In search of a more patriotic Thanksgiving

Program aims to add meaning to holiday after terror attacks

November 23, 2001|By Childs Walker | Childs Walker,SUN STAFF

The Meyerhoffs spent much of their Thanksgiving like any other family, gorging on turkey, joking, squabbling and remembering. But at the behest of family member Lee Hendler, they also tried something new, something Hendler hopes families across the nation will begin doing every Thanksgiving.

The Meyerhoffs put off eating for about 30 minutes in their home to reflect on American history through stories, recitations of famous documents and song.
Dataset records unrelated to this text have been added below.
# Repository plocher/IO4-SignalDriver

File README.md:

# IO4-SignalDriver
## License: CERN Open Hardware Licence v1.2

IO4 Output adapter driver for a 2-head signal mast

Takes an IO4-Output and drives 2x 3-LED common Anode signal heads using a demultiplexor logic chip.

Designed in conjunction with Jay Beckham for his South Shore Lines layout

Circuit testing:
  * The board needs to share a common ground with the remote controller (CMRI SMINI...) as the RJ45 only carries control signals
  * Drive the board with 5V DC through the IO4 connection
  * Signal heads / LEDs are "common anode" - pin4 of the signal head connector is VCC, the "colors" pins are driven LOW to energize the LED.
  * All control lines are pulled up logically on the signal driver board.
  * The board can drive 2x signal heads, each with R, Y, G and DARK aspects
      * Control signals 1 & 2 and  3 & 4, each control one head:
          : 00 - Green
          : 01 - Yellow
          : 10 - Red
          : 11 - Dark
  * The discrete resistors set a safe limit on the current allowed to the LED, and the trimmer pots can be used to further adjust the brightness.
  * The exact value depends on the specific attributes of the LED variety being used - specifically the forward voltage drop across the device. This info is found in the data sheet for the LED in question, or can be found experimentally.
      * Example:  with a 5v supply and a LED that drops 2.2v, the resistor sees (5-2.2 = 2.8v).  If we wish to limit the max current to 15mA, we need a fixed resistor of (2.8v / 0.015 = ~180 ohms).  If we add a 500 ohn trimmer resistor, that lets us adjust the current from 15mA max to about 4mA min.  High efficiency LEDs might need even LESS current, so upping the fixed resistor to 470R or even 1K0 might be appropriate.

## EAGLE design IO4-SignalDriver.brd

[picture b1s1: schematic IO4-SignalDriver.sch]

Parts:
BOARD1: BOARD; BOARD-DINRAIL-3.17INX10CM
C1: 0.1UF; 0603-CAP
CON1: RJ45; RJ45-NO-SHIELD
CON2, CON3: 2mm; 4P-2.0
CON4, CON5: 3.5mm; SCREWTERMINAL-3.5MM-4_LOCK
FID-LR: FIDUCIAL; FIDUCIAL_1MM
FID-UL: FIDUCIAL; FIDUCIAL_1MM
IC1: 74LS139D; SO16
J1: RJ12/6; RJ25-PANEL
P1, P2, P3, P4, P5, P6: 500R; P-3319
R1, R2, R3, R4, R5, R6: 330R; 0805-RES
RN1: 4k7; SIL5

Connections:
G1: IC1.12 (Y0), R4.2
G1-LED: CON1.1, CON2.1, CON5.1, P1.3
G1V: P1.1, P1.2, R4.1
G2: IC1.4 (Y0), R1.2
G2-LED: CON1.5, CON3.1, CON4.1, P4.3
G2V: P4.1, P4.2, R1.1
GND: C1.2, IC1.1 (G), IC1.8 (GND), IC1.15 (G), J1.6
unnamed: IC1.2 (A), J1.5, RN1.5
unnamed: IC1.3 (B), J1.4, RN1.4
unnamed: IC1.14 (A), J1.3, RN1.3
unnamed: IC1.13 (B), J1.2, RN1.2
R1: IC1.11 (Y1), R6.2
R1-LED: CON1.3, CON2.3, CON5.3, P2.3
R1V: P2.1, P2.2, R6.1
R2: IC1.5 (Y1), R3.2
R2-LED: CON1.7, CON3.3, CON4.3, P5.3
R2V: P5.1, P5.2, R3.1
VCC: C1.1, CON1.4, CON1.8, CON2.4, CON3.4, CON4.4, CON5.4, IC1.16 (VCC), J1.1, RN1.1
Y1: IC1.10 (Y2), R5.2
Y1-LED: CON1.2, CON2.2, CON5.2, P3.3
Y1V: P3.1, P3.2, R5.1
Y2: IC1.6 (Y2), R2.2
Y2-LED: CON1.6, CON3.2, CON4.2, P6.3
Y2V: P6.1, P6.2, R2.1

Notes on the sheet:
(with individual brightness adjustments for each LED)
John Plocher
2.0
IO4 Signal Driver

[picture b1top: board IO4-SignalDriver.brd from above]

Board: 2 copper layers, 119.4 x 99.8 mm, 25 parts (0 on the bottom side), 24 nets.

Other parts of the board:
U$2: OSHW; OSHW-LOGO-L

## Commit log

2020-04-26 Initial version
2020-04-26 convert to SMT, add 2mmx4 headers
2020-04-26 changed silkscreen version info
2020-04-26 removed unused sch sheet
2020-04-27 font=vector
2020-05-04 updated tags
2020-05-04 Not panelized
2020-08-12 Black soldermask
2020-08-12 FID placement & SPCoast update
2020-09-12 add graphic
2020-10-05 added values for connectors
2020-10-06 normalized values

"On this Thanksgiving, we are all pioneers doing something new together," said patriarch Harvey M. Meyerhoff. "Why do we need a special ceremony for Thanksgiving and why now? Sept. 11, 2001, was a tragic and traumatic day for our country. ... Throughout our history, Americans have faced and overcome critical challenges. That knowledge is reassuring. We appreciate that what sustained our ancestors can also sustain us. We come to the table this Thanksgiving hungry for our traditional meal. But we also come hungry to understand our unique story as a people."

Hendler believes that Americans want their nation's most widely celebrated holiday to glorify more than football, turkey and Christmas shopping.

The attacks Sept. 11 changed the country's priorities, she says, and now is the time for Americans to embrace a more meaningful existence. With emotional and financial backing from her prominent Baltimore family, she has set out to change the holiday.

She has joined two California professors to write a booklet that outlines how families might celebrate the holiday in this new, patriotic way. In the past two weeks, she and her colleagues have distributed the booklets to 5,000 families in Baltimore and California. If the idea generates positive response, she hopes to take it nationwide by Thanksgiving 2002.

Yesterday, Hendler and 15 members of her family, young and old, gave a first try to the program, titled "We The People Give Thanks." Beginning with Harvey Meyerhoff, everyone offered something, from 9-year-old Julia Meyerhoff's solo on the first verse of "America the Beautiful" to Zoh Hieronimus' commentary on the true meanings of bits of the Constitution.

A few hesitant pauses aside, the family seemed to enjoy the exercise. "It's got a good rhythm," Hendler said after seeing it performed. "I think it will get more meaningful as people do it more and more. Let's put it this way. At least people weren't drumming their fingers on the table in boredom."

Hendler understands that many will be skeptical about seeing a favorite holiday change. "Is every American dying to do something more meaningful?" she asked. "No. But are millions searching for something more? Absolutely. Could this help create a meaningful change? Absolutely."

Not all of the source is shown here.